§ Required work:
For the entries that follow, restate word for word the line containing "#16886 = CIRCLE ( 'NONE', #24241, 0.02 ) ;", the line containing "#19407 = DIRECTION", and every line that lies between them.

§ Source data:
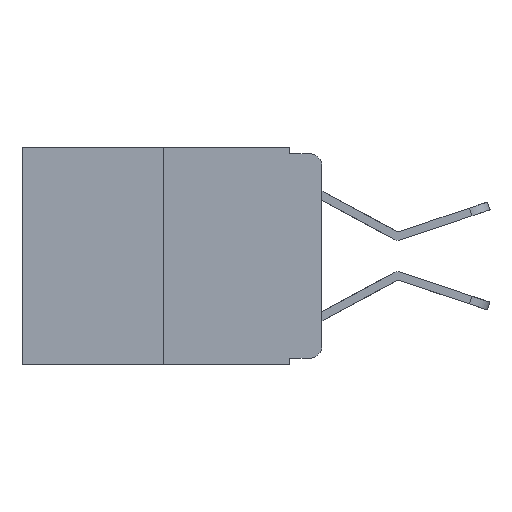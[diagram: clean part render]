
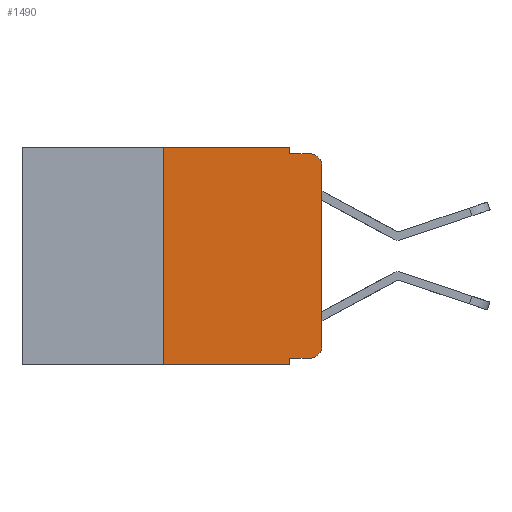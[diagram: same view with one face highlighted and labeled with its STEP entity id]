
A CAD part, left-side view. The second image highlights one B-rep face of the part: STEP entity #1490.
In plain terms, the highlighted planar face has unit normal (-1, 0, 0).
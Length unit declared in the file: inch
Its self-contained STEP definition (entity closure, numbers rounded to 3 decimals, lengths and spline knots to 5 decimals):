
#29 = VERTEX_POINT ( 'NONE', #14055 ) ;
#350 = LINE ( 'NONE', #11090, #20947 ) ;
#415 = EDGE_CURVE ( 'NONE', #29, #14120, #12753, .T. ) ;
#759 = VERTEX_POINT ( 'NONE', #8772 ) ;
#921 = CARTESIAN_POINT ( 'NONE',  ( 0., 0.051, -0.01 ) ) ;
#1366 = VERTEX_POINT ( 'NONE', #23308 ) ;
#1490 = ADVANCED_FACE ( 'NONE', ( #17263 ), #20610, .F. ) ;
#1564 = ORIENTED_EDGE ( 'NONE', *, *, #4615, .T. ) ;
#3231 = EDGE_CURVE ( 'NONE', #14120, #11885, #10520, .T. ) ;
#3276 = DIRECTION ( 'NONE',  ( 0., 0., 1. ) ) ;
#3987 = CARTESIAN_POINT ( 'NONE',  ( 0., 0., 0. ) ) ;
#4166 = CARTESIAN_POINT ( 'NONE',  ( 0., 0.051, 0. ) ) ;
#4539 = ORIENTED_EDGE ( 'NONE', *, *, #5989, .T. ) ;
#4615 = EDGE_CURVE ( 'NONE', #15490, #11885, #17143, .T. ) ;
#5562 = CARTESIAN_POINT ( 'NONE',  ( 0., 0.02, -0.313 ) ) ;
#5910 = EDGE_CURVE ( 'NONE', #1366, #24229, #14353, .T. ) ;
#5989 = EDGE_CURVE ( 'NONE', #759, #15490, #12522, .T. ) ;
#6426 = VECTOR ( 'NONE', #3276, 39.37008 ) ;
#6445 = LINE ( 'NONE', #4166, #7088 ) ;
#7088 = VECTOR ( 'NONE', #19992, 39.37008 ) ;
#7089 = ORIENTED_EDGE ( 'NONE', *, *, #23540, .F. ) ;
#7180 = VECTOR ( 'NONE', #10198, 39.37008 ) ;
#7186 = CARTESIAN_POINT ( 'NONE',  ( 0., 0.051, -0.333 ) ) ;
#7434 = VECTOR ( 'NONE', #9630, 39.37008 ) ;
#7629 = CARTESIAN_POINT ( 'NONE',  ( 0., 0.02, -0.03 ) ) ;
#7656 = DIRECTION ( 'NONE',  ( 0., 0., -1. ) ) ;
#8772 = CARTESIAN_POINT ( 'NONE',  ( 0., 0., -0.313 ) ) ;
#9452 = CARTESIAN_POINT ( 'NONE',  ( 0., 0.051, 0. ) ) ;
#9630 = DIRECTION ( 'NONE',  ( 0., 0., -1. ) ) ;
#9702 = DIRECTION ( 'NONE',  ( 0., 0., -1. ) ) ;
#9783 = LINE ( 'NONE', #10048, #10419 ) ;
#9930 = CARTESIAN_POINT ( 'NONE',  ( 0., 0.473, -0.343 ) ) ;
#10048 = CARTESIAN_POINT ( 'NONE',  ( 0., 0.051, -0.333 ) ) ;
#10198 = DIRECTION ( 'NONE',  ( 0., 0., 1. ) ) ;
#10419 = VECTOR ( 'NONE', #13857, 39.37008 ) ;
#10520 = LINE ( 'NONE', #921, #19600 ) ;
#10534 = VERTEX_POINT ( 'NONE', #24326 ) ;
#11005 = DIRECTION ( 'NONE',  ( 1., 0., 0. ) ) ;
#11025 = DIRECTION ( 'NONE',  ( 0., 0., -1. ) ) ;
#11090 = CARTESIAN_POINT ( 'NONE',  ( 0., 0.473, 0. ) ) ;
#11885 = VERTEX_POINT ( 'NONE', #15048 ) ;
#12522 = LINE ( 'NONE', #3987, #7180 ) ;
#12753 = LINE ( 'NONE', #9452, #7434 ) ;
#12864 = AXIS2_PLACEMENT_3D ( 'NONE', #14540, #11005, #11025 ) ;
#13047 = DIRECTION ( 'NONE',  ( 0., -1., 0. ) ) ;
#13641 = LINE ( 'NONE', #19169, #6426 ) ;
#13654 = CARTESIAN_POINT ( 'NONE',  ( 0., 0.25, 0. ) ) ;
#13857 = DIRECTION ( 'NONE',  ( 0., -1., 0. ) ) ;
#14055 = CARTESIAN_POINT ( 'NONE',  ( 0., 0.051, 0. ) ) ;
#14120 = VERTEX_POINT ( 'NONE', #14934 ) ;
#14290 = CARTESIAN_POINT ( 'NONE',  ( 0., 0., -0.03 ) ) ;
#14311 = VERTEX_POINT ( 'NONE', #13654 ) ;
#14353 = LINE ( 'NONE', #9930, #23973 ) ;
#14540 = CARTESIAN_POINT ( 'NONE',  ( 0., 0.473, 0. ) ) ;
#14557 = AXIS2_PLACEMENT_3D ( 'NONE', #7629, #21285, #9702 ) ;
#14638 = EDGE_CURVE ( 'NONE', #14311, #29, #350, .T. ) ;
#14934 = CARTESIAN_POINT ( 'NONE',  ( 0., 0.051, -0.01 ) ) ;
#15048 = CARTESIAN_POINT ( 'NONE',  ( 0., 0.02, -0.01 ) ) ;
#15490 = VERTEX_POINT ( 'NONE', #14290 ) ;
#16075 = ORIENTED_EDGE ( 'NONE', *, *, #20967, .T. ) ;
#16886 = CIRCLE ( 'NONE', #24241, 0.02 ) ;
#16990 = DIRECTION ( 'NONE',  ( 0., -1., 0. ) ) ;
#17143 = CIRCLE ( 'NONE', #14557, 0.02 ) ;
#17263 = FACE_OUTER_BOUND ( 'NONE', #22134, .T. ) ;
#17615 = ORIENTED_EDGE ( 'NONE', *, *, #18409, .T. ) ;
#18409 = EDGE_CURVE ( 'NONE', #10534, #759, #16886, .T. ) ;
#19169 = CARTESIAN_POINT ( 'NONE',  ( 0., 0.25, 0. ) ) ;
#19407 = DIRECTION ( 'NONE',  ( -1., 0., 0. ) ) ;
#19600 = VECTOR ( 'NONE', #16990, 39.37008 ) ;
#19705 = ORIENTED_EDGE ( 'NONE', *, *, #5910, .T. ) ;
#19992 = DIRECTION ( 'NONE',  ( 0., 0., -1. ) ) ;
#20219 = VERTEX_POINT ( 'NONE', #7186 ) ;
#20610 = PLANE ( 'NONE',  #12864 ) ;
#20889 = ORIENTED_EDGE ( 'NONE', *, *, #3231, .F. ) ;
#20947 = VECTOR ( 'NONE', #13047, 39.37008 ) ;
#20967 = EDGE_CURVE ( 'NONE', #20219, #10534, #9783, .T. ) ;
#21148 = ORIENTED_EDGE ( 'NONE', *, *, #14638, .F. ) ;
#21285 = DIRECTION ( 'NONE',  ( -1., 0., 0. ) ) ;
#21492 = ORIENTED_EDGE ( 'NONE', *, *, #24792, .F. ) ;
#22134 = EDGE_LOOP ( 'NONE', ( #4539, #1564, #20889, #24413, #21148, #21492, #19705, #7089, #16075, #17615 ) ) ;
#23308 = CARTESIAN_POINT ( 'NONE',  ( 0., 0.25, -0.343 ) ) ;
#23410 = DIRECTION ( 'NONE',  ( 0., -1., 0. ) ) ;
#23540 = EDGE_CURVE ( 'NONE', #20219, #24229, #6445, .T. ) ;
#23973 = VECTOR ( 'NONE', #23410, 39.37008 ) ;
#24229 = VERTEX_POINT ( 'NONE', #25103 ) ;
#24241 = AXIS2_PLACEMENT_3D ( 'NONE', #5562, #19407, #7656 ) ;
#24326 = CARTESIAN_POINT ( 'NONE',  ( 0., 0.02, -0.333 ) ) ;
#24413 = ORIENTED_EDGE ( 'NONE', *, *, #415, .F. ) ;
#24792 = EDGE_CURVE ( 'NONE', #1366, #14311, #13641, .T. ) ;
#25103 = CARTESIAN_POINT ( 'NONE',  ( 0., 0.051, -0.343 ) ) ;

§ Response area:
#16886 = CIRCLE ( 'NONE', #24241, 0.02 ) ;
#16990 = DIRECTION ( 'NONE',  ( 0., -1., 0. ) ) ;
#17143 = CIRCLE ( 'NONE', #14557, 0.02 ) ;
#17263 = FACE_OUTER_BOUND ( 'NONE', #22134, .T. ) ;
#17615 = ORIENTED_EDGE ( 'NONE', *, *, #18409, .T. ) ;
#18409 = EDGE_CURVE ( 'NONE', #10534, #759, #16886, .T. ) ;
#19169 = CARTESIAN_POINT ( 'NONE',  ( 0., 0.25, 0. ) ) ;
#19407 = DIRECTION ( 'NONE',  ( -1., 0., 0. ) ) ;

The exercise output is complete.